Plutôt que « tracking », lorsque l’on veut dire que l’on détermine la position géographique d’une personne porteuse soit d’un téléphone mobile (multifonction), soit de tout autre objet connecté, il suffit de parler de « géolocalisation ». Et si l’on s’intéresse, plutôt qu’à la localisation de cette personne, à celle de son mobile, on parlera plus simplement de « traçage », en gardant à l’esprit que la « traçabilité » désigne le parcours des objets et des marchandises du producteur au consommateur. En revanche, on laissera le « pistage » aux amateurs d’enquêtes policières et la « poursuite » aux opérations consistant à suivre le déplacement d'un objet spatial. Enfin, plutôt que de parler du « back tracking » d’une personne porteuse du virus Covid 19, il serait plus clair de recourir à la « reconstitution de son parcours » en s’inspirant des termes « reconstitution de route » ou « reconstitution de trajectoire » employés dans les domaines maritime ou aérien ».
Enrichir la langue française
Héritage de l’édit de Villers-Cotterêts, promulgué en 1539 par François 1er, qui impose que la langue française remplace le latin dans les actes officiels, le dispositif d’enrichissement de la langue française, en complément notamment de la loi « Toubon » du 4 août 1994, garantit à chacun de nos concitoyens un droit à l’information, à l’enseignement, à la santé et au travail dans une langue partagée par tous, la langue de la République, le français.

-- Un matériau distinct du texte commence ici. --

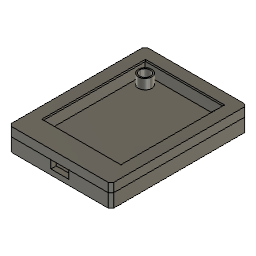
Bambu_watcher_enclosure (Autodesk Fusion 360 design; units mm, degrees)
part number: 2026-05-02-19-46-58-819
Autodesk Fusion 360 part; units mm, degrees
sketch "Sketch2" plane through (0, 0, 0) normal (0, 0, 1) x (1, 0, 0)
  line L0 (25.5, -35) -> (-25.5, -35)
  line L1 (-25.5, -35) -> (-25.5, 35)
  line L2 (-25.5, 35) -> (25.5, 35)
  line L3 (25.5, 35) -> (25.5, -35)
  line L4 (25.5, -35) -> (-25.5, 35) construction
  line L5 (-25.5, -35) -> (25.5, 35) construction
  circle A0 centre (-20.5, 30) radius 3
  line L6 (0, 1.75) -> (0, 22.5)
  circle A1 centre (20.5, 30) radius 3
  line L7 (1.75, 0) -> (22.5, 0)
  circle A2 centre (20.5, -30) radius 3
  circle A3 centre (-20.5, -30) radius 3
  line L8 (5, -35) -> (-5, -35)
  line L9 (-5, -35) -> (-5, -27.0284)
  line L10 (-5, -27.0284) -> (5, -27.0284)
  line L11 (5, -27.0284) -> (5, -35)
  circle A4 centre (-20.5, 30) radius 3.75
  circle A5 centre (20.5, 30) radius 3.75
  circle A6 centre (-20.5, -30) radius 3.75
  circle A7 centre (20.5, -30) radius 3.75
  line L12 (-28.5, -38) -> (-28.5, 38)
  line L13 (-28.5, 38) -> (28.5, 38)
  line L14 (28.5, 38) -> (28.5, -38)
  line L15 (28.5, -38) -> (-28.5, -38)
  line L16 (-5, -35) -> (-5, -38)
  line L17 (5, -35) -> (5, -38)
  line L18 (27, -36.5) -> (-27, -36.5)
  line L19 (-27, -36.5) -> (-27, 36.5)
  line L20 (-27, 36.5) -> (27, 36.5)
  line L21 (27, 36.5) -> (27, -36.5)
  line L22 (26.8, 36.3) -> (26.8, -36.3)
  line L23 (26.8, -36.3) -> (-26.8, -36.3)
  line L24 (-26.8, -36.3) -> (-26.8, 36.3)
  line L25 (-26.8, 36.3) -> (26.8, 36.3)
  line L26 (22, -26) -> (-22, -26)
  line L27 (-22, -26) -> (-22, 31.75)
  line L28 (-22, 31.75) -> (22, 31.75)
  line L29 (22, 31.75) -> (22, -26)
  point P0 (-22, 31.75)
  point P1 (22, -26)
  dimension "d1" = 51
  dimension "d2" = 70
  dimension "d3" = 6
  dimension "d4" = 5
  dimension "d5" = 5
  dimension "d6" = 20.5
  dimension "d7" = 10
  dimension "d8" = 0.75
  dimension "d9" = -3
  dimension "d18" = -1.5
  dimension "d22" = -1.3
  dimension "d33" = 3.25
  dimension "d34" = 3.5
  dimension "d35" = 3.5
  dimension "d36" = 9
  constraint horizontal L0
  constraint perpendicular L0 L1
  constraint parallel L0 L2
  constraint parallel L1 L3
  constraint coincident L4 origin
  constraint coincident L5 origin
  constraint symmetric A0 L6 A1
  constraint symmetric A0 L7 A3
  constraint symmetric A1 L7 A2
  constraint horizontal L8
  constraint vertical L9
  constraint horizontal L10
  constraint vertical L11
  constraint coincident L0 L8.start
  constraint symmetric L6 A4 A5
  constraint symmetric L7 A4 A6
  constraint symmetric L7 A5 A7
  constraint coincident L15 L16.end
  constraint perpendicular L15 L16
  constraint coincident L15 L17.end
  constraint perpendicular L15 L17
  constraint horizontal L26
  constraint vertical L27
  constraint horizontal L28
  constraint vertical L29
  constraint coincident P0 L27.end
  constraint coincident P1 L26.start
  measures "d1" distance of L1.end L2.end
  measures "d2" distance of L0.end L1.end
  measures "d3" diameter of A0
  measures "d4" distance of L2 A0.centre
  measures "d5" distance of L1 A0.centre
  measures "d6" distance of L0.start L8.start
  measures "d7" distance of L8.start L8.end
  measures "d33" distance of L2 P0
  measures "d34" distance of L1 P0
  measures "d35" distance of L3 P1
  measures "d36" distance of L0 P1
extrude "Extrude1" add sketch "Sketch2" along normal blind 2 contours L0 L1 L2 L3 L16 L17 L22 L23 L24 L25 | L0 L1 L2 L3 L9 L10 L11 | L0 L8 L16 L17 L23 | L0 L8 L9 L10 L11 | L16 L17 L18 L19 L20 L21 L22 L23 L24 L25 | L16 L17 L18 L23 | L12 L13 L14 L15 L16 L17 L18 L19 L20 L21 | L15 L16 L17 L18 | A0 L27 L28 | A0 A4 L27 L28 | A0 L27 L28 | A0 A4 L27 L28 | A4 A5 L26 L27 L28 L29 | A1 A5 L28 L29 | A1 A5 L28 L29 | A1 L28 L29 | A1 L28 L29 | A2 | A3 | A6 | A7 makes body 1
extrude "Extrude3" add sketch "Sketch2" along normal blind 5.5 from surface at 2 contours L0 L1 L2 L3 L16 L17 L22 L23 L24 L25 | L16 L17 L18 L19 L20 L21 L22 L23 L24 L25 | L12 L13 L14 L15 L16 L17 L18 L19 L20 L21 | A0 A4 L27 L28 | A0 A4 L27 L28 | A1 A5 L28 L29 | A1 A5 L28 L29 | A6 | A7 bodies 1
extrude "Extrude4" add sketch "Sketch2" along normal blind 4 from surface at 7.5 contours L0 L1 L2 L3 L16 L17 L22 L23 L24 L25 bodies 1
extrude "Extrude5" add sketch "Sketch2" along normal blind 1 from surface at 11.5 separate body contours L0 L1 L2 L3 L16 L17 L22 L23 L24 L25 | L0 L1 L2 L3 L9 L10 L11 | L0 L8 L16 L17 L23 | L0 L8 L9 L10 L11 | L16 L17 L18 L19 L20 L21 L22 L23 L24 L25 | L16 L17 L18 L23 | L12 L13 L14 L15 L16 L17 L18 L19 L20 L21 | L15 L16 L17 L18 | A0 L27 L28 | A0 A4 L27 L28 | A0 L27 L28 | A0 A4 L27 L28 | A4 A5 L26 L27 L28 L29 | A1 A5 L28 L29 | A1 A5 L28 L29 | A1 L28 L29 | A1 L28 L29 | A2 | A3 | A6 | A7 makes body 2
extrude "Extrude6" add sketch "Sketch2" against normal blind 4 from surface at 11.5 contours L12 L13 L14 L15 L16 L17 L18 L19 L20 L21 | L15 L16 L17 L18 bodies 2
chamfer "Chamfer1" distance 1.5 angle 45 8 edges at (28.5, -38, 3.75) (-28.5, -38, 3.75) (-28.5, 38, 3.75) (28.5, 38, 3.75) (28.5, -38, 10) (-28.5, -38, 10) (-28.5, 38, 10) (28.5, 38, 10) on bodies 1 2
extrude "Extrude9" cut sketch "Sketch2" against normal up to surface (1 mm away) from surface at 12.5 contours A0 L27 L28 | A0 A4 L27 L28 | A4 A5 L26 L27 L28 L29 | A1 A5 L28 L29 | A1 L28 L29 picked at (-19.6435, 29.1213) picked at (-19.7195, 26.5946) picked at (21.7005, 26.72) picked at (19.7271, 29.0473) bodies 2
extrude "Extrude10" add sketch "Sketch2" along normal blind 1 from surface at 2 contours L0 L8 L16 L17 L23 | L16 L17 L18 L23 | L15 L16 L17 L18 bodies 1
sketch "Sketch3" plane through (26.8, 0, 0) normal (1, 0, 0) x (0, 1, 0)
  line L0 (-36.3, 7.5) -> (36.3, 7.5)
  line L1 (36.3, 7.5) -> (36.3, 11.5)
  line L2 (36.3, 11.5) -> (-36.3, 11.5)
  line L3 (-36.3, 11.5) -> (-36.3, 7.5)
  line L4 (0, 1.75) -> (0, 22.5)
  line L5 (21.15, 8.5) -> (21.15, 10.5)
  line L6 (15.15, 8.5) -> (21.15, 8.5)
  line L7 (21.15, 10.5) -> (15.15, 10.5)
  line L8 (15.15, 10.5) -> (15.15, 8.5)
  line L9 (-36.3, 9.5) -> (0, 9.5)
  line L10 (1.75, 0) -> (22.5, 0)
  line L11 (-30.25, 11.5) -> (-30.25, 7.5) construction
  line L12 (-6.05, 11.5) -> (-6.05, 7.5) construction
  line L13 (-18.15, 11.5) -> (-18.15, 7.5) construction
  line L14 (-27.25, 10.5) -> (-33.25, 10.5)
  line L15 (-33.25, 10.5) -> (-33.25, 8.5)
  line L16 (-33.25, 8.5) -> (-27.25, 8.5)
  line L17 (-27.25, 8.5) -> (-27.25, 10.5)
  line L18 (-27.25, 10.5) -> (-33.25, 8.5) construction
  line L19 (-33.25, 10.5) -> (-27.25, 8.5) construction
  line L20 (-15.15, 8.5) -> (-21.15, 8.5)
  line L21 (-21.15, 8.5) -> (-21.15, 10.5)
  line L22 (-21.15, 10.5) -> (-15.15, 10.5)
  line L23 (-15.15, 10.5) -> (-15.15, 8.5)
  line L24 (-15.15, 8.5) -> (-21.15, 10.5) construction
  line L25 (-21.15, 8.5) -> (-15.15, 10.5) construction
  line L26 (-3.05, 8.5) -> (-9.05, 8.5)
  line L27 (-9.05, 8.5) -> (-9.05, 10.5)
  line L28 (-9.05, 10.5) -> (-3.05, 10.5)
  line L29 (-3.05, 10.5) -> (-3.05, 8.5)
  line L30 (-3.05, 8.5) -> (-9.05, 10.5) construction
  line L31 (-9.05, 8.5) -> (-3.05, 10.5) construction
  line L32 (9.05, 10.5) -> (3.05, 10.5)
  line L33 (9.05, 8.5) -> (3.05, 10.5) construction
  line L34 (6.05, 11.5) -> (6.05, 7.5) construction
  line L35 (3.05, 8.5) -> (9.05, 8.5)
  line L36 (36.3, 9.5) -> (0, 9.5)
  line L37 (3.05, 10.5) -> (3.05, 8.5)
  line L38 (9.05, 8.5) -> (9.05, 10.5)
  line L39 (15.15, 10.5) -> (15.15, 8.5)
  line L40 (21.15, 8.5) -> (21.15, 10.5)
  line L41 (21.15, 10.5) -> (15.15, 10.5)
  line L42 (15.15, 8.5) -> (21.15, 8.5)
  line L43 (33.25, 8.5) -> (27.25, 8.5)
  line L44 (27.25, 8.5) -> (27.25, 10.5)
  line L45 (27.25, 10.5) -> (33.25, 10.5)
  line L46 (33.25, 10.5) -> (33.25, 8.5)
  point P0 (-36.3, 9.5)
  point P1 (-30.25, 9.5)
  point P2 (-24.2, 9.5)
  point P3 (-18.15, 9.5)
  point P4 (-12.1, 9.5)
  point P5 (-6.05, 9.5)
  point P6 (0, 9.5)
  point P7 (-30.25, 9.5)
  point P8 (-18.15, 9.5)
  point P9 (-6.05, 9.5)
  dimension "d74" = 36.3
  dimension "d75" = 0
  dimension "d76" = 6
  dimension "d77" = 2
  dimension "d78" = 6
  dimension "d79" = 2
  dimension "d80" = 6
  dimension "d81" = 2
  constraint midpoint L3 P0
  constraint coincident L4 P6
  constraint perpendicular L4 L9
  constraint coincident P0 L9.start
  constraint coincident L2 L11.start
  constraint coincident L0 L11.end
  constraint perpendicular L0 L11
  constraint coincident L2 L12.start
  constraint coincident L0 L12.end
  constraint perpendicular L0 L12
  constraint coincident L2 L13.start
  constraint coincident L0 L13.end
  constraint perpendicular L0 L13
  constraint horizontal L14
  constraint perpendicular L14 L15
  constraint parallel L14 L16
  constraint parallel L15 L17
  constraint coincident L18 P7
  constraint coincident L19 P7
  constraint coincident P7 P1
  constraint horizontal L20
  constraint perpendicular L20 L21
  constraint parallel L20 L22
  constraint parallel L21 L23
  constraint coincident L24 P8
  constraint coincident L25 P8
  constraint coincident P8 P3
  constraint horizontal L26
  constraint perpendicular L26 L27
  constraint parallel L26 L28
  constraint parallel L27 L29
  constraint coincident L30 P9
  constraint coincident L31 P9
  constraint coincident P9 P5
  constraint symmetric L4 P0 L36.start
  constraint symmetric L4 P6 L9.end
  constraint symmetric L4 L12.start L34.start
  constraint symmetric L4 L12.end L34.end
  constraint symmetric L4 L14.start L44.end
  constraint symmetric L4 L14.end L45.end
  constraint symmetric L4 L15.end L43.start
  constraint symmetric L4 L16.end L43.end
  constraint symmetric L4 L20.start L6.start
  constraint symmetric L4 L20.end L5.start
  constraint symmetric L4 L21.end L5.end
  constraint symmetric L4 L22.end L7.end
  constraint symmetric L4 L26.start L35.start
  constraint symmetric L4 L26.end L33.start
  constraint symmetric L4 L27.end L32.start
  constraint symmetric L4 L28.end L32.end
  measures "d76" distance of L15.end L16.end
  measures "d77" distance of L14.end L15.end
  measures "d78" distance of L21.end L22.end
  measures "d79" distance of L20.end L21.end
  measures "d80" distance of L27.end L28.end
  measures "d81" distance of L26.end L27.end
extrude "Extrude11" add sketch "Sketch3" along normal blind 1 draft -48 contours L9 L14 L15 L17 | L9 L15 L16 L17 | L9 L26 L27 L29 | L9 L27 L28 L29 | L32 L36 L37 L38 | L35 L36 L37 L38 | L36 L43 L44 L46 | L36 L44 L45 L46 | L9 L21 L22 L23 | L9 L20 L21 L23 | L5 L6 L8 L36 L39 L40 L42 | L5 L7 L8 L36 L39 L40 L41 bodies 1
mirror "Mirror1" about plane through (0, 0, 0) normal (1, 0, 0) of "Extrude11"
sketch "Sketch5" plane through (27, 0, 0) normal (-1, 0, 0) x (0, -1, 0)
  line L0 (36.5, 11.5) -> (-36.5, 11.5)
  line L1 (-36.5, 11.5) -> (-36.5, 7.5)
  line L2 (-36.5, 7.5) -> (36.5, 7.5)
  line L3 (36.5, 7.5) -> (36.5, 11.5)
  line L4 (-21.15, 8.5) -> (-21.15, 10.5)
  line L5 (-15.15, 10.5) -> (-15.15, 8.5)
  line L6 (27.25, 10.5) -> (33.25, 10.5)
  line L7 (33.25, 8.5) -> (27.25, 8.5)
  line L8 (27.25, 8.5) -> (27.25, 10.5)
  line L9 (33.25, 10.5) -> (33.25, 8.5)
  line L10 (3.05, 8.5) -> (9.05, 8.5)
  line L11 (9.05, 8.5) -> (9.05, 10.5)
  line L12 (9.05, 10.5) -> (3.05, 10.5)
  line L13 (3.05, 10.5) -> (3.05, 8.5)
  line L14 (21.15, 10.5) -> (15.15, 10.5)
  line L15 (21.15, 8.5) -> (21.15, 10.5)
  line L16 (15.15, 8.5) -> (21.15, 8.5)
  line L17 (15.15, 10.5) -> (15.15, 8.5)
  line L18 (-9.05, 10.5) -> (-3.05, 10.5)
  line L19 (-9.05, 8.5) -> (-9.05, 10.5)
  line L20 (-3.05, 8.5) -> (-9.05, 8.5)
  line L21 (-3.05, 10.5) -> (-3.05, 8.5)
  line L22 (-21.15, 10.5) -> (-15.15, 10.5)
  line L23 (-21.15, 8.5) -> (-21.15, 10.5)
  line L24 (-15.15, 8.5) -> (-21.15, 8.5)
  line L25 (-36.3, 9.5) -> (0, 9.5)
  line L26 (-27.25, 10.5) -> (-33.25, 10.5)
  line L27 (-33.25, 8.5) -> (-27.25, 8.5)
  line L28 (-27.25, 8.5) -> (-27.25, 10.5)
  line L29 (-33.25, 10.5) -> (-33.25, 8.5)
  line L30 (-15.15, 10.5) -> (-15.15, 8.5)
extrude "Extrude13" cut sketch "Sketch5" against normal blind 1 draft -48 contours L4 L5 L23 L24 L25 L30 | L4 L5 L22 L23 L25 L30 | L6 L7 L8 L9 | L10 L11 L12 L13 | L14 L15 L16 L17 | L18 L19 L21 L25 | L19 L20 L21 L25 | L25 L26 L28 L29 | L25 L27 L28 L29 bodies 2
mirror "Mirror2" about plane through (0, 0, 0) normal (1, 0, 0) of "Extrude13"
sketch "Sketch7" plane through (0, -36.3, 0) normal (0, -1, 0) x (1, 0, 0)
  line L0 (-26.8, 7.5) -> (-5, 7.5)
  line L1 (-5, 7.5) -> (-5, 11.5)
  line L2 (-5, 11.5) -> (-26.8, 11.5)
  line L3 (-26.8, 11.5) -> (-26.8, 7.5)
  line L4 (-26.8, 11.5) -> (-5, 7.5)
  line L5 (-26.8, 7.5) -> (-5, 11.5)
  line L6 (-12.9, 8.5) -> (-18.9, 8.5)
  line L7 (-18.9, 8.5) -> (-18.9, 10.5)
  line L8 (-18.9, 10.5) -> (-12.9, 10.5)
  line L9 (-12.9, 10.5) -> (-12.9, 8.5)
  line L10 (-12.9, 8.5) -> (-18.9, 10.5) construction
  line L11 (-18.9, 8.5) -> (-12.9, 10.5) construction
  line L12 (0, 1.75) -> (0, 22.5)
  line L13 (12.9, 8.5) -> (18.9, 8.5)
  line L14 (18.9, 10.5) -> (12.9, 10.5)
  line L15 (18.9, 8.5) -> (18.9, 10.5)
  line L16 (12.9, 10.5) -> (12.9, 8.5)
  point P0 (-15.9, 9.5)
  dimension "d62" = 6
  dimension "d63" = 2
  constraint coincident L2.end L3.start
  constraint coincident L0.end L1.start
  constraint coincident L0.start L3.end
  constraint coincident L1.end L2.start
  constraint horizontal L6
  constraint perpendicular L6 L7
  constraint parallel L6 L8
  constraint parallel L7 L9
  constraint coincident L10 P0
  constraint coincident L11 P0
  constraint midpoint L4 P0
  constraint symmetric L6.start L12 L13.start
  constraint symmetric L6.end L12 L13.end
  constraint symmetric L7.end L12 L14.start
  constraint symmetric L8.end L12 L14.end
  measures "d62" distance of L7.end L8.end
  measures "d63" distance of L6.end L7.end
extrude "Extrude14" add sketch "Sketch7" along normal blind 1 draft -48 contours L4 L5 L7 | L4 L5 L6 L7 L9 | L4 L5 L9 | L4 L5 L7 L8 L9 | L13 L14 L15 L16 bodies 1
mirror "Mirror3" about plane through (0, 0, 0) normal (0, 1, 0) of "Extrude14"
sketch "Sketch8" plane through (0, -36.5, 0) normal (0, 1, 0) x (-1, 0, 0)
  line L0 (27, 11.5) -> (-27, 11.5)
  line L1 (-27, 11.5) -> (-27, 7.5)
  line L2 (-27, 7.5) -> (27, 7.5)
  line L3 (27, 7.5) -> (27, 11.5)
  line L4 (-18.9, 10.5) -> (-12.9, 10.5)
  line L5 (-18.9, 8.5) -> (-18.9, 10.5)
  line L6 (-12.9, 8.5) -> (-18.9, 8.5)
  line L7 (-12.9, 10.5) -> (-12.9, 8.5)
  line L8 (12.9, 10.5) -> (12.9, 8.5)
  line L9 (18.9, 10.5) -> (12.9, 10.5)
  line L10 (18.9, 8.5) -> (18.9, 10.5)
  line L11 (12.9, 8.5) -> (18.9, 8.5)
extrude "Extrude15" cut sketch "Sketch8" against normal blind 1 draft -48 contours L4 L5 L6 L7 | L8 L9 L10 L11 bodies 2
mirror "Mirror4" about plane through (0, 0, 0) normal (0, 1, 0) of "Extrude15"
equation "d33 = 1.5 mm + 1.75 mm"
equation "d34 = 2.75 mm + 0.75 mm"
equation "d35 = 2.75 mm + 0.75 mm"
named bodies: "Case", "Lid"

« Tout commence par le repérage des anglicismes qui n’ont pas de traduction en français, explique Paul de Sinety. C’est l’affaire de 19 groupes d’experts animés par 11 hauts fonctionnaires chargés de la terminologie et de la langue française dans 15 ministères. Ces experts proposent des termes et rédigent des définitions, qu’ils soumettent à l’approbation de la Commission d’enrichissement de la langue française (CELF), présidée par l’académicien Frédéric Vitoux, qui à son tour les fait valider par l’Académie française et par le ministre concerné. À chaque étape, tous cherchent la meilleure définition, le terme juste et bien formé, transparent, compréhensible par chacun. Et pour ce faire, plutôt que de nous opposer les uns aux autres, nous dialoguons dans la recherche du consensus ».